Friday, April 20, 2007

Unspeakable


The Shrink Rappers have been quiet for a few days. It's hard to know what to say. I've called Clink, told her she has to post, I'm sure she'll have some thoughts soon. My oldest is thinking about colleges, here stands a reminder that safety, both ours and our children's, is a just an illusion. For everyone, my heart wraps around the unthinkable grief and sadness-- mostly it's too painful to even watch for more than a few minutes.


The New York Times ran a piece today about mass murders and mental illness, it didn't say much of substance. Cho was angry, maybe he had a personality disorder-- they speculate on which one, avoidant, paranoid, perhaps he was depressed or psychotic. Certainly, he was angry, and the article starts by saying he had a hole in his soul. I don't know what that means, but it sounds like as good a way to explain the inexplicable as any.


Sometimes, people tell us things about their mental life that suggests a diagnosis, at least an explanation. The depressed person who commits suicide out of guilt, pain, and hopelessness. The person who kills someone because voices tell them the victim is going to kill them, as distorted as it is, we get that in this person's mind, it is self-defense.


I watched a few minutes of the video. Cho Seung-Hui was filled with rage, he felt victimized, in the little I've seen, he didn't say why. Somehow, he believed his actions made him a martyr and he deemed this an act done for his children (---?). Somehow, in his mind, it made sense. He'd been hospitalized once briefly a few years ago, perhaps he had a diagnosis, as somehow we'd all like something-- an explanation, someway of grabbing on to this and believing we might catch and prevent acts that linger between severe untreated mental illness and pure evil.
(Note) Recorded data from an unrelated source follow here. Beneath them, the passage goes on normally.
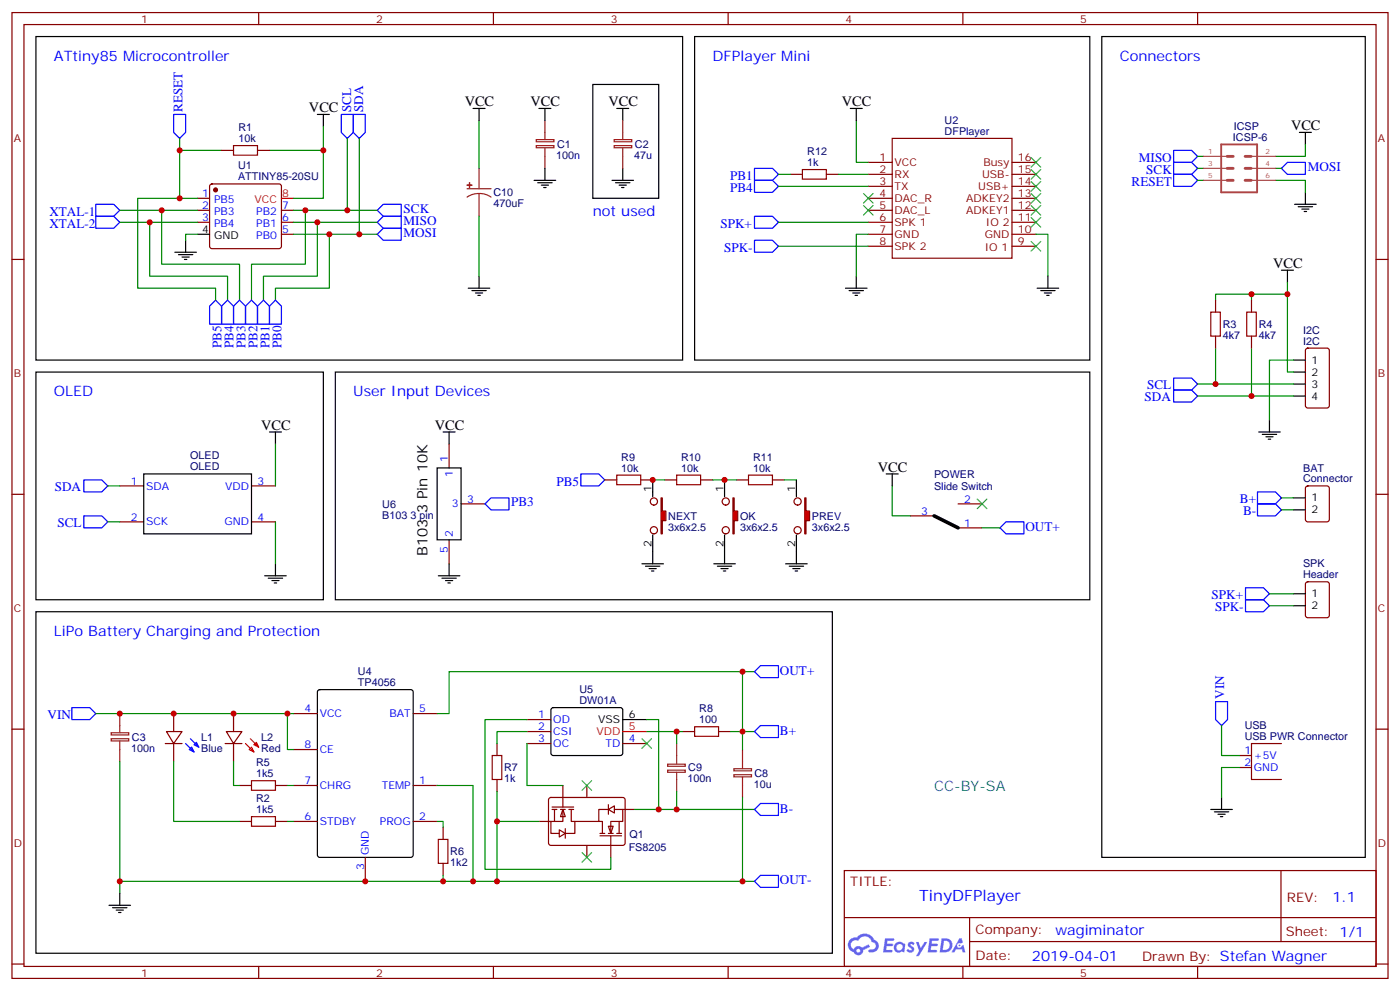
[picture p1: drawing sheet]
<svg xmlns="http://www.w3.org/2000/svg" width="412mm" height="292mm" viewBox="0 0 412 292" stroke-linecap="round" stroke-linejoin="round" font-family="sans-serif">
<g fill="none" stroke="#870000" stroke-width=".35">
<path d="M3.5 3.7h405.4v284.3h-405.4zM7.1 7.2h398.2v277.3h-398.2zM76.2 3.7v3.5M145.3 3.7v3.5M214.5 3.7v3.5M283.6 3.7v3.5M352.8 3.7v3.5M3.5 76.4h3.6M405.3 76.4h3.6M3.5 145.5h3.6M405.3 145.5h3.6M3.5 214.7h3.6"/>
<path d="M405.3 214.7h3.6M248.7 256.3h156.6v28.2h-156.6zM377.3 256.3v20.9M248.7 270.1h156.5M285.6 277.2h119.6M285.6 270.1v14.2M3.5 283.8h3.6M76.2 284.5v3.5M145.3 284.5v3.5M214.5 284.5v3.5M283.6 284.5v3.5M352.8 284.5v3.5"/>
<path d="M405.3 283.8h3.6"/>
</g>
<g fill="#5487ff">
<path d="M267.7 277.5a1.22 1.22 0 0 1 1.7 .2l-.4 .6a.47 .47 0 0 0-.3-.4 .47 .47 0 0 0-.5 .2l.1 .2a1.14 1.14 0 0 1 .8 1.8 1.14 1.14 0 0 1-1.9 0l-.2-.2 .5-.6 .7 .5a.29 .29 0 0 0 .3-.3 .29 .29 0 0 0-.2-.3 1.04 1.04 0 0 1-.6-1.7z"/>
<path d="M260.7 276.2h2.4l.3 .2-.2 .5-1.8 .1-.1 .8h1.5l.3 .4-.3 .4h-1.6l-.2 1.1h1.7l.2 .3-.2 .3-2.6 .1z"/>
<path d="M273.8 276.2h2.4l.3 .2-.1 .5-1.8 .1-.2 .8h1.6l.3 .4-.4 .4-1.6-.1-.1 1.1 1.7 .1 .2 .3-.2 .3-2.6 .1z"/>
<path d="M282.6 276.2h.7l.3 1.3-.6 .3a.69 .69 0 0 0-1 .3 .69 .69 0 0 0 .4 .9 .69 .69 0 0 0 .9-.6l.5-.2 .6 2.2h-.8l-.2-.9h-1.8l-.5 .9h-.8z"/>
<path d="M269.8 277.3h.8l.6 1.8 1.1-1.8h.9l-2.6 4.2h-.8l.9-1.5z"/>
<path d="M277.4 276.2l-.6 4.2h1.3a2.11 2.11 0 0 0 2.5-2.1 2.11 2.11 0 0 0-2.5-2.1zM278.1 277a1.39 1.39 0 0 1 1.7 1.4 1.39 1.39 0 0 1-1.8 1.2h-.3z"/>
<path d="M263.7 277.8a1.54 1.54 0 0 0-.1 2.2 1.54 1.54 0 0 0 2.2 .1l.6 .3 .3-2.3-.2-.3h-.4a1.49 1.49 0 0 0-2.4 0zM264 278.8a.94 .94 0 0 1 1.8 0 .94 .94 0 0 1-1.8 0z"/>
<path d="M250.4 276.6a2.18 2.18 0 0 0 1.1 3.7 1.44 1.44 0 0 0 1.6 .9 1.44 1.44 0 0 0 1.2-1.4l2-1.1-.5-.7-1.9 1a1.47 1.47 0 0 0-2.4 .4 1.39 1.39 0 0 1-.7-1.9 1.39 1.39 0 0 1 2-.5 2.12 2.12 0 0 1 2.2-1.3 2.12 2.12 0 0 1 1.9 1.7 1.14 1.14 0 0 1 1.1 1.4 1.14 1.14 0 0 1-1.7 .7 .43 .43 0 0 0-.5 .4 .43 .43 0 0 0 .4 .5 1.98 1.98 0 0 0 2.5-1.2 1.98 1.98 0 0 0-1.2-2.6 3.1 3.1 0 0 0-5.3-.6l-.9 .1zM252.3 279.9a.55 .55 0 0 1 1.1 0 .55 .55 0 0 1-1.1 0z"/>
<circle cx="282.6" cy="278.3" r=".26"/>
</g>
<g fill="none" stroke="#870000" stroke-width=".35">
<path d="M58.2 58.4h3.5M62 54.4l.4-.2h19.8l.5 .2 .2 .5v17.6l-.2 .5-.5 .2h-19.8l-.5-.2-.2-.5v-17.6zM65.3 44.3h3.5M75.8 44.3h3.6M255.8 47.8h7M255.8 51.3h7M255.8 54.9h7M255.8 58.4h7M262.8 40.7h35.3v35.3h-35.3zM298.1 47.8h7.1M298.1 51.3h7.1M298.1 54.9h7.1"/>
<path d="M298.1 58.4h7.1M58.2 61.9h3.5M58.2 65.4h3.5M82.9 61.9h3.5M82.9 65.4h3.5M82.9 69h3.5M255.8 61.9h7M255.8 65.4h7M255.8 69h7M255.8 72.5h7M298.1 61.9h7.1M298.1 65.4h7.1"/>
<path d="M298.1 69h7.1M298.1 72.5h7.1M358.1 88.4v3.5M358.1 99v3.5M368.7 88.4v3.5M368.7 99v3.5M384.8 102.7l.4-.2h5.7l.6 .4 .1 16.5-.5 .7h-5.9l-.6-.4-.1-16.5zM48.7 218.9h4.9M49 215.4h4.6l-2.4 3.5zM51.2 210.1v5.3M51.2 218.9v5.3M66.3 218.9h5"/>
<path d="M66.7 215.4h4.6l-2.5 3.5zM68.8 210.1v5.3M68.8 218.9v5.3M86.4 210.1h7.1M121.7 210.1h7.1M155.2 218.9h7.1M155.2 211.8h7.1M155.2 215.4h7.1M183.4 218.9h7.1M70.6 231.2h3.5M81.1 231.2h3.6M86.4 231.2h7.1"/>
<path d="M86.4 220.7h7.1M121.7 231.2h7.1M70.6 241.8h3.5M81.1 241.8h3.6M86.4 241.8h7.1M107.6 252.4v7.1M121.7 241.8h7.1M130.5 243.6v3.5M130.5 254.2v3.5"/>
</g>
<circle cx="63.5" cy="55.9" r=".53" fill="#870000" stroke="#870000" stroke-width=".35"/>
<g fill="none" stroke="#000" stroke-width=".35">
<path d="M93.5 33.7h3.5M95.2 33.7v3.5M158.7 31.9h3.6M160.5 31.9v3.6M181.7 31.9h3.5M183.4 31.9v3.6M382.8 39h3.5M384.5 39v3.5M157.3 53.1h6.4M158.4 53.8h4.2M159.5 54.5h2.1M160.2 55.2h.7"/>
<path d="M160.5 49.6v3.5M180.3 53.1h6.3M181.3 53.8h4.3M182.4 54.5h2.1M183.1 55.2h.7M183.4 49.6v3.5M384.5 56.6v3.5M51.5 74.3h6.4M52.6 75h4.2M53.6 75.7h2.1M54.3 76.4h.7M54.7 70.7v3.6"/>
<path d="M58.2 69h3.5M377.5 79.6h3.5M379.2 79.6v3.5M381.4 60.1h6.3M382.4 60.9h4.2M383.5 61.6h2.1M384.2 62.3h.7M249.1 84.8h6.3M250.1 85.5h4.3M251.2 86.3h2.1M251.9 87h.7M252.2 81.3v3.5"/>
<path d="M305.5 84.8h6.4M306.6 85.5h4.2M307.6 86.3h2.1M308.3 87h.7M308.7 81.3v3.5M381 106h3.5M381 109.5h3.5M381 113.1h3.5M381 116.6h3.5M370.8 127.2h6.3M371.8 127.9h4.3M372.9 128.6h2.1"/>
<path d="M373.6 129.3h.7M373.9 123.6v3.6M93.7 203.2l.5-.2h26.8l.7 .5v48.2l-.5 .7h-27l-.7-.4v-48.3zM162.5 208.5l.5-.2 20 .1 .4 .6v13l-.7 .4h-20l-.4-.7v-12.7zM183.4 211.8h7.1M32.1 266.5h6.4M33.2 267.2h4.2M34.2 267.9h2.1M34.9 268.6h.7M35.3 263v3.5"/>
</g>
<path d="M82.9 58.4h3.5M72.3 218.9l2.5 2.5M73.7 217.5l2.5 2.5M74.8 219.3l.7-.8 .7 1.5zM183.4 215.4h7.1M73.4 220.7l.7-.7 .7 1.4z" fill="none" stroke="#f00" stroke-width=".35"/>
<g fill="none" stroke="#008700" stroke-width=".35">
<path d="M95.2 37.2v21.2h-8.8M252.2 35.5v12.3h3.6M52.9 58.4h-12.3v26.4h22.9v3.6M52.9 40.7v3.6M65.3 44.3h-12.4v14.1h5.3M79.4 44.3h15.8M102.3 40.7v21.2M105.8 40.7v28.3M229.3 54.9h26.5M352.8 53.1h1.7M352.8 49.6h1.7M352.8 46h1.7"/>
<path d="M375.7 53.1h8.8v3.5M375.7 49.6h1.8M384.5 42.5v3.5h-8.8M35.3 61.9h12.3M35.3 65.4h8.8M58.2 61.9h-10.6v15.9h23v10.6M58.2 65.4h-14.1v15.9h22.9v7.1M58.2 69h-3.5v1.7M86.4 61.9h24.7M86.4 65.4h24.7M86.4 69h24.7M90 61.9v15.9h-15.9v10.6"/>
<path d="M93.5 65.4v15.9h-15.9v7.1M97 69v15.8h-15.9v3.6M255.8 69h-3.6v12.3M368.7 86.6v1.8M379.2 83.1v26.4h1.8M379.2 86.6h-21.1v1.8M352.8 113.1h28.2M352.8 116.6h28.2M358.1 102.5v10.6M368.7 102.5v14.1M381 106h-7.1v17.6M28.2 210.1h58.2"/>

Whatever it means, Cho Seung-Hui most certainly had a hole in his soul.

3 comments:

ania said...

I am just sharing this information, because it was thought provoking - especially considering the source.

Below is a quote (after the lapse of some time, I’m sure) by a father who lost two of his children when they were murdered by an intruder. Thankfully, two survived.

“Somewhere there’s a Mom and Dad feeling sorrowful like I am,” he said, referring to the killer’s parents. “I’d rather be on my end. Can you imagine having a son like that?”

I feel that it is likely that the interviewer asked a question like, “Did you know his (the killer’s) parents? What would you say to them? How do you feel about them?”

Regardless the provocation, it was interesting to me.

Gerbil said...

What makes me especially sad is that so many "explanations" have been grasped at, as though there were some way that this tragedy (or any other tragedy) could have been prevented.

And really, this isn't about mental illness, or immigration, or gun control, or a campus-wide alert system, or anything else. It's about the illusion of control.

NeoNurseChic said...

The whole thing is unspeakably sad...yes. I have thought a lot about it - it flashes back memories of watching Columbine live on tv when I was a senior in high school. It reminds me of times at Penn State (not so much nursing school since that's an upper level university in Philadelphia - doesn't have the "college" atmosphere at all), and it saddens me to even try to think about the events that happened... I am so sorry and sad for the victims and their families and friends. My heart breaks for them.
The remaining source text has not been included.